С этого дня она как бы вровень стала с матерью, по-женски понимая ее с мимолетного взгляда. Мать представлялась ей молодой, гораздо моложе, чем была на самом деле, и, жалея ее, она испытывала к ней нежность. Девочка ощутила какие-то новые душевные силы в себе, незнакомые и непонятные ей самой, а со стороны было заметно, как сквозь девчоночью наивность проступает разумная степенность.

Анастасия Петровна видела эту перемену, любовалась и гордилась дочерью, радуясь появившейся у нее потребности в долгих и душевных разговорах с матерью. Удивляла лишь внезапная привязанность к бабкиной могиле. Надя одна, без помощи взрослых, обложила ее дерном, посадила кусты сирени, выполола вокруг бурьяны. Конечно, ничего в этом не было необъяснимого: бабка выхаживала девочку, — и ей хотелось сохранить память о старухе. Она и могилу Бережного не забывала.

И эта неожиданная привязанность смутила Анастасию Петровну: девочка и словом не обмолвилась ей об этом; будто все делала втайне. Еще больше она была потрясена случайным разговором.

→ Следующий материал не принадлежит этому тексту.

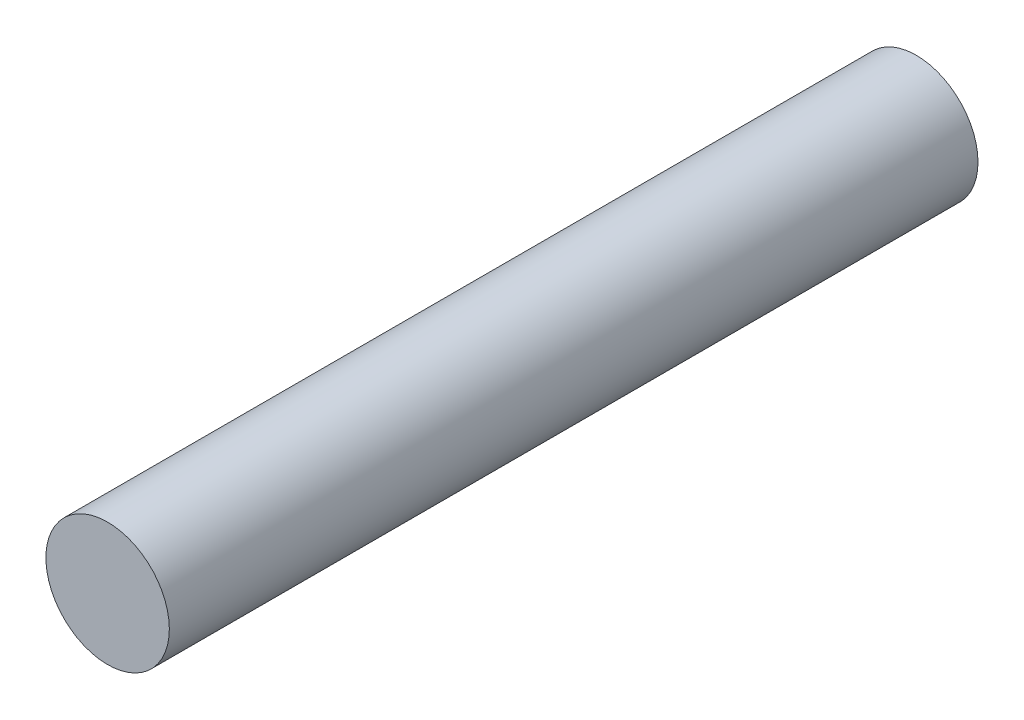
ISO-10303-21;
HEADER;
FILE_DESCRIPTION(('STEP AP214'),'2;1');
FILE_NAME('part.step','',(''),(''),'','','');
FILE_SCHEMA(('AUTOMOTIVE_DESIGN { 1 0 10303 214 1 1 1 1 }'));
ENDSEC;
DATA;
#1=APPLICATION_CONTEXT('core data for automotive mechanical design processes');
#2=APPLICATION_PROTOCOL_DEFINITION('international standard','automotive_design',2000,#1);
#3=PRODUCT_CONTEXT('',#1,'mechanical');
#4=PRODUCT('Part','Part','',(#3));
#5=PRODUCT_RELATED_PRODUCT_CATEGORY('part','',(#4));
#6=PRODUCT_DEFINITION_FORMATION('','',#4);
#7=PRODUCT_DEFINITION_CONTEXT('part definition',#1,'design');
#8=PRODUCT_DEFINITION('design','',#6,#7);
#9=PRODUCT_DEFINITION_SHAPE('','',#8);
#10=(LENGTH_UNIT() NAMED_UNIT(*) SI_UNIT(.MILLI.,.METRE.));
#11=(NAMED_UNIT(*) PLANE_ANGLE_UNIT() SI_UNIT($,.RADIAN.));
#12=(NAMED_UNIT(*) SI_UNIT($,.STERADIAN.) SOLID_ANGLE_UNIT());
#13=UNCERTAINTY_MEASURE_WITH_UNIT(LENGTH_MEASURE(1.E-05),#10,'distance_accuracy_value','');
#14=(GEOMETRIC_REPRESENTATION_CONTEXT(3) GLOBAL_UNCERTAINTY_ASSIGNED_CONTEXT((#13)) GLOBAL_UNIT_ASSIGNED_CONTEXT((#10,
#11,#12)) REPRESENTATION_CONTEXT('',''));
#15=CARTESIAN_POINT('',(0.,0.,0.));
#16=DIRECTION('',(0.,0.,1.));
#17=DIRECTION('',(1.,0.,0.));
#18=AXIS2_PLACEMENT_3D('',#15,#16,#17);
#19=CARTESIAN_POINT('',(0.,0.,131.));
#20=DIRECTION('',(0.,0.,-1.));
#21=DIRECTION('',(-1.,0.,0.));
#22=AXIS2_PLACEMENT_3D('',#19,#20,#21);
#23=CYLINDRICAL_SURFACE('',#22,10.);
#24=CARTESIAN_POINT('',(0.,0.,131.));
#25=DIRECTION('',(0.,0.,1.));
#26=DIRECTION('',(1.,0.,0.));
#27=AXIS2_PLACEMENT_3D('',#24,#25,#26);
#28=CIRCLE('',#27,10.);
#29=CARTESIAN_POINT('',(10.,0.,131.));
#30=VERTEX_POINT('',#29);
#31=EDGE_CURVE('E10',#30,#30,#28,.T.);
#32=ORIENTED_EDGE('',*,*,#31,.F.);
#33=EDGE_LOOP('',(#32));
#34=FACE_BOUND('',#33,.T.);
#35=CARTESIAN_POINT('',(0.,0.,0.));
#36=DIRECTION('',(0.,0.,1.));
#37=DIRECTION('',(1.,0.,0.));
#38=AXIS2_PLACEMENT_3D('',#35,#36,#37);
#39=CIRCLE('',#38,10.);
#40=CARTESIAN_POINT('',(10.,0.,0.));
#41=VERTEX_POINT('',#40);
#42=EDGE_CURVE('E37',#41,#41,#39,.T.);
#43=ORIENTED_EDGE('',*,*,#42,.T.);
#44=EDGE_LOOP('',(#43));
#45=FACE_BOUND('',#44,.T.);
#46=ADVANCED_FACE('F34',(#34,#45),#23,.T.);
#47=CARTESIAN_POINT('',(0.,0.,131.));
#48=DIRECTION('',(0.,0.,1.));
#49=DIRECTION('',(1.,0.,0.));
#50=AXIS2_PLACEMENT_3D('',#47,#48,#49);
#51=PLANE('',#50);
#52=ORIENTED_EDGE('',*,*,#31,.T.);
#53=EDGE_LOOP('',(#52));
#54=FACE_BOUND('',#53,.T.);
#55=ADVANCED_FACE('F49',(#54),#51,.T.);
#56=CARTESIAN_POINT('',(0.,0.,0.));
#57=DIRECTION('',(0.,0.,1.));
#58=DIRECTION('',(1.,0.,0.));
#59=AXIS2_PLACEMENT_3D('',#56,#57,#58);
#60=PLANE('',#59);
#61=ORIENTED_EDGE('',*,*,#42,.F.);
#62=EDGE_LOOP('',(#61));
#63=FACE_BOUND('',#62,.T.);
#64=ADVANCED_FACE('F47',(#63),#60,.F.);
#65=CLOSED_SHELL('',(#46,#55,#64));
#66=MANIFOLD_SOLID_BREP('B2',#65);
#67=ADVANCED_BREP_SHAPE_REPRESENTATION('',(#18,#66),#14);
#68=SHAPE_DEFINITION_REPRESENTATION(#9,#67);
ENDSEC;
END-ISO-10303-21;

— Мой папа был летчик? Да, мама? — спросила она как будто мимоходом, но с таким напряжением ждала ответа, что казалось, горло ее перехвачено тесной петлей.

— Откуда ты взяла! — внимательно посмотрев на нее, быстро ответила мать, и лицо ее залило темной краской. — Все у тебя фантазии.

Надя помедлила, а сердце рванулось навстречу матери: да, скажи — да.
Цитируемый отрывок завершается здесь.